To iterate over all segments in a natural class, use `over()` with an 
inventory:
```python
for seg in syllabic.over(inv):
    print(inv.name_of(seg))  # prints "a", "i", "u"
```

A natural class sequence is an ordered list of natural classes, defining 
a set of words. They are useful for matching patterns like CV syllables:
```python
cv = fs.natural_class_sequence([consonant, syllabic])

inv["p"] in consonant  # True — single segment membership
inv.tokenize("pa") in cv  # True — word matches CV pattern
inv.tokenize("ap") in cv  # False — VC, not CV
```

To iterate over all words matching a sequence over an inventory of segments:
```python
for word in cv.over(inv):
    print(inv.render(word))  # prints all CV combinations
```

Natural class sequences also support substring matching via `matches_at` 
and `find_all`:
```python
word = inv.tokenize("pat")
consonant_nc = fs.natural_class_sequence([consonant])
consonant_nc.find_all(word)  # returns [0, 2] — consonants at positions 0 and 2
cv.find_all(word)  # returns [0] — CV pattern only at position 0
```

## Design Philosophy

**Single entry point.** `FeatureSystem` is the central factory object for 
the library. All LP primitives are constructed through a `FeatureSystem` 
instance, ensuring that feature validity is enforced at construction time.

> It is possible to construct objects directly without a `FeatureSystem`, 
> but this bypasses validation and is discouraged.

**Immutability.** All objects are frozen dataclasses. Once constructed, 
nothing can be mutated. This makes objects safe to use as dictionary keys 
and in sets, and ensures that operations like `subtract`, `unify`, and 
`project` return new segments rather than modifying existing ones.

**Make illegal states unrepresentable.** Reserved features cannot appear 
in user-defined segments. Unknown features are rejected at construction. 
Aliased segments receive canonical forms automatically.

**Partial specifications.** Segments can be underspecified.
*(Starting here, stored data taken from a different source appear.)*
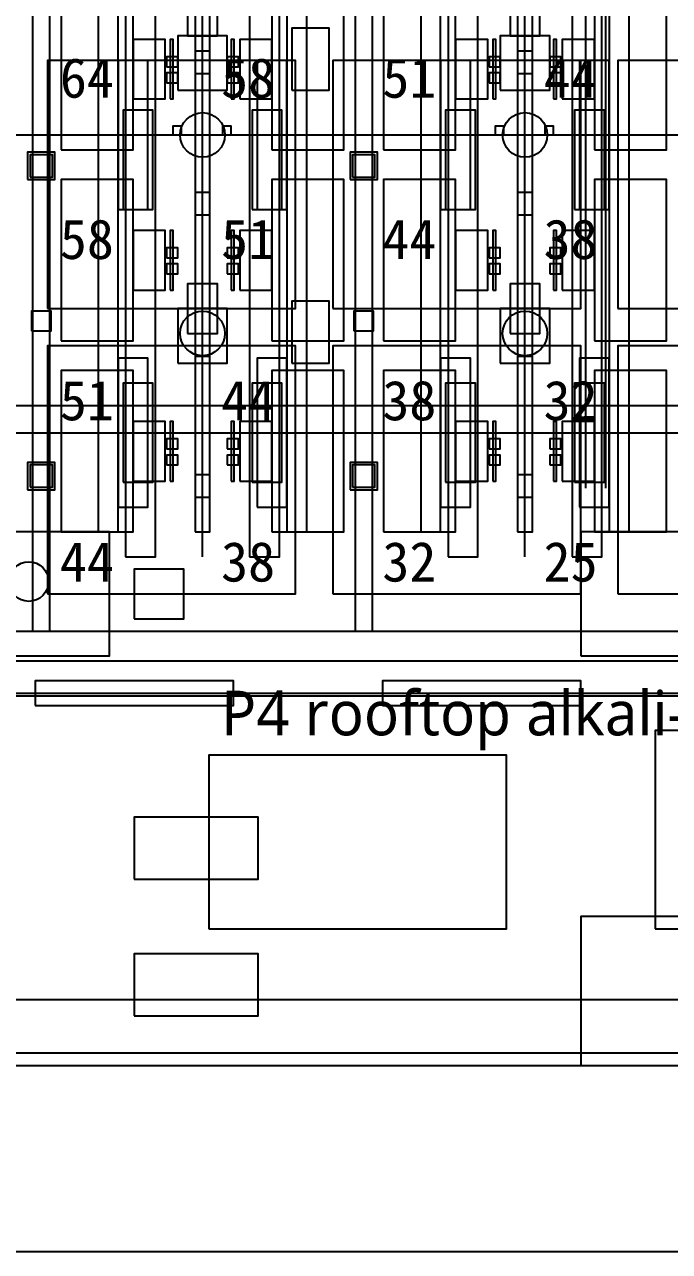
# Model space of a CAD drawing. Header units: metres. Extents: x -1640 to 1560, y -268 to 2338.
# Drawn here: x 74.58 to 100.58, y 862 to 911.45 of the extents above; entities that cross this region are included whole.
import ezdxf

# ---------------------------------------------------------------- set-up
doc = ezdxf.new("R2010")
doc.units = ezdxf.units.M
for name, color, linetype in [('1F_CDS', 5, 'Continuous'), ('1F_CHL', 4, 'Continuous'), ('1F_EHS_GAS_DETECTOR', 6, 'Continuous'), ('1F_EHS_SAFETY_SHOWER_EYEWASH_CONCEPT', 3, 'Continuous'), ('1F_PUMP', 2, 'Continuous'), ('1F_SCR', 3, 'Continuous'), ('1F_STRUCT_COLUMN', 8, 'Continuous'), ('1F_ZONE', 3, 'Continuous'), ('2F_CSF_LATERAL_RACK_CONCEPT', 9, 'Continuous'), ('2F_EHS_GAS_DETECTOR', 6, 'Continuous'), ('2F_RFG', 5, 'Continuous'), ('2F_STRUCT_COLUMN', 8, 'Continuous'), ('2F_VMB', 6, 'Continuous'), ('2F_ZONE', 3, 'Continuous'), ('3F_CLEANROOM_OVERHEAD_PIPE_DUCT_CONCEPT', 9, 'Continuous'), ('3F_CVD', 3, 'Continuous'), ('3F_EHS_EGRESS_DIST_M', 2, 'Continuous'), ('3F_FOUP', 5, 'Continuous'), ('3F_OHT', 9, 'Continuous'), ('3F_OHTV', 1, 'Continuous'), ('3F_STRUCT_COLUMN', 8, 'Continuous'), ('3F_TBAR', 6, 'Continuous'), ('3F_ZONE', 3, 'Continuous'), ('4F_DCC', 3, 'Continuous'), ('4F_FFU', 1, 'Continuous'), ('4F_MAU', 2, 'Continuous'), ('4F_STRUCT_PLENUM_TRUSS_CONCEPT', 9, 'Continuous'), ('4F_ZONE', 3, 'Continuous'), ('5F_CDS', 5, 'Continuous'), ('5F_CHL', 4, 'Continuous'), ('5F_EHS_GAS_DETECTOR', 6, 'Continuous'), ('5F_EHS_SAFETY_SHOWER_EYEWASH_CONCEPT', 3, 'Continuous'), ('5F_PUMP', 2, 'Continuous'), ('5F_SCR', 3, 'Continuous'), ('5F_STRUCT_COLUMN', 8, 'Continuous'), ('5F_ZONE', 3, 'Continuous'), ('6F_CSF_LATERAL_RACK_CONCEPT', 9, 'Continuous'), ('6F_EHS_GAS_DETECTOR', 6, 'Continuous'), ('6F_RFG', 5, 'Continuous'), ('6F_STRUCT_COLUMN', 8, 'Continuous'), ('6F_VMB', 6, 'Continuous'), ('6F_ZONE', 3, 'Continuous'), ('7F_CLEANROOM_OVERHEAD_PIPE_DUCT_CONCEPT', 9, 'Continuous'), ('7F_CVD', 3, 'Continuous'), ('7F_EHS_EGRESS_DIST_M', 2, 'Continuous'), ('7F_FOUP', 5, 'Continuous'), ('7F_OHT', 9, 'Continuous'), ('7F_OHTV', 1, 'Continuous'), ('7F_STRUCT_COLUMN', 8, 'Continuous'), ('7F_TBAR', 6, 'Continuous'), ('7F_ZONE', 3, 'Continuous'), ('8F_DCC', 3, 'Continuous'), ('8F_FFU', 1, 'Continuous'), ('8F_MAU', 2, 'Continuous'), ('8F_STRUCT_PLENUM_TRUSS_CONCEPT', 9, 'Continuous'), ('8F_ZONE', 3, 'Continuous'), ('EHS_GAS_SUPPLY', 3, 'Continuous'), ('EHS_PROCESS_EXHAUST', 1, 'Continuous'), ('EHS_TREATED_EXHAUST', 30, 'Continuous'), ('OUTLINE', 7, 'Continuous'), ('RF_RSC', 4, 'Continuous'), ('RF_STACK', 2, 'Continuous'), ('UTIL_CHEM_CONCEPT', 6, 'Continuous'), ('UTIL_CHW.R_CONCEPT', 2, 'Continuous'), ('UTIL_CHW.S_CONCEPT', 1, 'Continuous'), ('UTIL_EXH.ACID_CONCEPT', 4, 'Continuous'), ('UTIL_EXH.ALK_CONCEPT', 5, 'Continuous'), ('UTIL_GAS.SPEC_CONCEPT', 3, 'Continuous'), ('UTIL_PCW.R_CONCEPT', 1, 'Continuous'), ('UTIL_PCW.S_CONCEPT', 6, 'Continuous'), ('UTIL_PLANT', 2, 'Continuous'), ('UTIL_TEXT', 7, 'Continuous'), ('UTIL_UPW.R_CONCEPT', 2, 'Continuous'), ('UTIL_UPW.S_CONCEPT', 1, 'Continuous')]:
    doc.layers.add(name, color=color, linetype=linetype)
doc.styles.add('KO', font='malgun.ttf')

msp = doc.modelspace()

# ---------------------------------------------------------------- linework, layer by layer
at = {"layer": '1F_CDS'}
for points in [[(79, 877), (84, 877), (84, 879.5), (79, 879.5)], [(79, 871.5), (84, 871.5), (84, 874), (79, 874)]]:
    msp.add_lwpolyline(points, close=True, dxfattribs=at)
at = {"layer": '1F_CHL'}
for points in [[(85.35, 908.8), (86.85, 908.8), (86.85, 911.3), (85.35, 911.3)], [(85.35, 897.8), (86.85, 897.8), (86.85, 900.3), (85.35, 900.3)]]:
    msp.add_lwpolyline(points, close=True, dxfattribs=at)
at = {"layer": '1F_EHS_GAS_DETECTOR'}
for centre in [(81.75, 899), (94.75, 899)]:
    msp.add_circle(centre, 0.9, dxfattribs=at)
at = {"layer": '1F_EHS_SAFETY_SHOWER_EYEWASH_CONCEPT'}
msp.add_circle((74.75, 889), 0.8, dxfattribs=at)
at = {"layer": '1F_PUMP'}
for points in [[(78.55, 904), (79.75, 904), (79.75, 908), (78.55, 908)], [(83.75, 904), (84.95, 904), (84.95, 908), (83.75, 908)], [(91.55, 904), (92.75, 904), (92.75, 908), (91.55, 908)], [(96.75, 904), (97.95, 904), (97.95, 908), (96.75, 908)], [(78.55, 893), (79.75, 893), (79.75, 897), (78.55, 897)], [(83.75, 893), (84.95, 893), (84.95, 897), (83.75, 897)], [(91.55, 893), (92.75, 893), (92.75, 897), (91.55, 897)], [(96.75, 893), (97.95, 893), (97.95, 897), (96.75, 897)]]:
    msp.add_lwpolyline(points, close=True, dxfattribs=at)
at = {"layer": '1F_SCR'}
for points in [[(80.75, 908.8), (82.75, 908.8), (82.75, 911), (80.75, 911)], [(93.75, 908.8), (95.75, 908.8), (95.75, 911), (93.75, 911)], [(80.75, 897.8), (82.75, 897.8), (82.75, 900), (80.75, 900)], [(93.75, 897.8), (95.75, 897.8), (95.75, 900), (93.75, 900)]]:
    msp.add_lwpolyline(points, close=True, dxfattribs=at)
at = {"layer": '1F_STRUCT_COLUMN'}
for points in [[(74.7, 905.2), (75.8, 905.2), (75.8, 906.3), (74.7, 906.3)], [(87.7, 905.2), (88.8, 905.2), (88.8, 906.3), (87.7, 906.3)], [(74.7, 892.7), (75.8, 892.7), (75.8, 893.8), (74.7, 893.8)], [(87.7, 892.7), (88.8, 892.7), (88.8, 893.8), (87.7, 893.8)]]:
    msp.add_lwpolyline(points, close=True, dxfattribs=at)
at = {"layer": '1F_ZONE'}
msp.add_lwpolyline([(16.5, 887), (290, 887), (290, 1045), (16.5, 1045)], close=True, dxfattribs=at)
at = {"layer": '2F_CSF_LATERAL_RACK_CONCEPT'}
for points in [[(77.55, 891), (78.35, 891), (78.35, 1041), (77.55, 1041)], [(85.15, 891), (85.95, 891), (85.95, 1041), (85.15, 1041)], [(90.55, 891), (91.35, 891), (91.35, 1041), (90.55, 1041)], [(98.15, 891), (98.95, 891), (98.95, 1041), (98.15, 1041)]]:
    msp.add_lwpolyline(points, close=True, dxfattribs=at)
at = {"layer": '2F_EHS_GAS_DETECTOR'}
for centre in [(81.75, 907), (94.75, 907)]:
    msp.add_circle(centre, 0.9, dxfattribs=at)
at = {"layer": '2F_RFG'}
for points in [[(78.35, 904), (79.55, 904), (79.55, 910), (78.35, 910)], [(83.95, 904), (85.15, 904), (85.15, 910), (83.95, 910)], [(91.35, 904), (92.55, 904), (92.55, 910), (91.35, 910)], [(96.95, 904), (98.15, 904), (98.15, 910), (96.95, 910)], [(78.35, 892), (79.55, 892), (79.55, 898), (78.35, 898)], [(83.95, 892), (85.15, 892), (85.15, 898), (83.95, 898)], [(91.35, 892), (92.55, 892), (92.55, 898), (91.35, 898)], [(96.95, 892), (98.15, 892), (98.15, 898), (96.95, 898)]]:
    msp.add_lwpolyline(points, close=True, dxfattribs=at)
at = {"layer": '2F_STRUCT_COLUMN'}
for points in [[(74.8, 905.3), (75.7, 905.3), (75.7, 906.2), (74.8, 906.2)], [(87.8, 905.3), (88.7, 905.3), (88.7, 906.2), (87.8, 906.2)], [(74.8, 892.8), (75.7, 892.8), (75.7, 893.7), (74.8, 893.7)], [(87.8, 892.8), (88.7, 892.8), (88.7, 893.7), (87.8, 893.7)]]:
    msp.add_lwpolyline(points, close=True, dxfattribs=at)
at = {"layer": '2F_VMB'}
for points in [[(81.15, 911), (82.35, 911), (82.35, 913), (81.15, 913)], [(94.15, 911), (95.35, 911), (95.35, 913), (94.15, 913)], [(81.15, 899), (82.35, 899), (82.35, 901), (81.15, 901)], [(94.15, 899), (95.35, 899), (95.35, 901), (94.15, 901)]]:
    msp.add_lwpolyline(points, close=True, dxfattribs=at)
at = {"layer": '2F_ZONE'}
msp.add_lwpolyline([(16.5, 887), (290, 887), (290, 1045), (16.5, 1045)], close=True, dxfattribs=at)
at = {"layer": '3F_CLEANROOM_OVERHEAD_PIPE_DUCT_CONCEPT'}
for points in [[(78.65, 890), (79.85, 890), (79.85, 1042), (78.65, 1042)], [(83.65, 890), (84.85, 890), (84.85, 1042), (83.65, 1042)], [(91.65, 890), (92.85, 890), (92.85, 1042), (91.65, 1042)], [(96.65, 890), (97.85, 890), (97.85, 1042), (96.65, 1042)]]:
    msp.add_lwpolyline(points, close=True, dxfattribs=at)
at = {"layer": '3F_CVD'}
for points in [[(76.05, 906.4), (78.95, 906.4), (78.95, 912.9), (76.05, 912.9)], [(84.55, 906.4), (87.45, 906.4), (87.45, 912.9), (84.55, 912.9)], [(89.05, 906.4), (91.95, 906.4), (91.95, 912.9), (89.05, 912.9)], [(97.55, 906.4), (100.45, 906.4), (100.45, 912.9), (97.55, 912.9)], [(78.95, 908.45), (80.25, 908.45), (80.25, 910.85), (78.95, 910.85)], [(83.25, 908.45), (84.55, 908.45), (84.55, 910.85), (83.25, 910.85)], [(91.95, 908.45), (93.25, 908.45), (93.25, 910.85), (91.95, 910.85)], [(96.25, 908.45), (97.55, 908.45), (97.55, 910.85), (96.25, 910.85)], [(76.05, 898.7), (78.95, 898.7), (78.95, 905.2), (76.05, 905.2)], [(84.55, 898.7), (87.45, 898.7), (87.45, 905.2), (84.55, 905.2)], [(89.05, 898.7), (91.95, 898.7), (91.95, 905.2), (89.05, 905.2)], [(97.55, 898.7), (100.45, 898.7), (100.45, 905.2), (97.55, 905.2)], [(78.95, 900.75), (80.25, 900.75), (80.25, 903.15), (78.95, 903.15)], [(83.25, 900.75), (84.55, 900.75), (84.55, 903.15), (83.25, 903.15)], [(91.95, 900.75), (93.25, 900.75), (93.25, 903.15), (91.95, 903.15)], [(96.25, 900.75), (97.55, 900.75), (97.55, 903.15), (96.25, 903.15)], [(76.05, 891), (78.95, 891), (78.95, 897.5), (76.05, 897.5)], [(84.55, 891), (87.45, 891), (87.45, 897.5), (84.55, 897.5)], [(89.05, 891), (91.95, 891), (91.95, 897.5), (89.05, 897.5)], [(97.55, 891), (100.45, 891), (100.45, 897.5), (97.55, 897.5)], [(78.95, 893.05), (80.25, 893.05), (80.25, 895.45), (78.95, 895.45)], [(83.25, 893.05), (84.55, 893.05), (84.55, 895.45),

A segment 
need not specify every feature, and a natural class only specifies the 
features it cares about.

**Separation of concerns.** This library is purely about LP primitives 
and operations.

**Structured exceptions.** Every error carries structured attributes so 
callers can handle errors programmatically rather than parsing error 
strings.

**Zero dependencies.** The library is implemented entirely in the Python 
standard library, there are no external runtime dependencies.

## API Reference

Full API documentation is available in the [API Reference](https://github.com/mazadegan/logical-phonology/blob/main/docs/api_reference.md).

## License

This project is licensed under the MIT License. See the [LICENSE](LICENSE) file for details.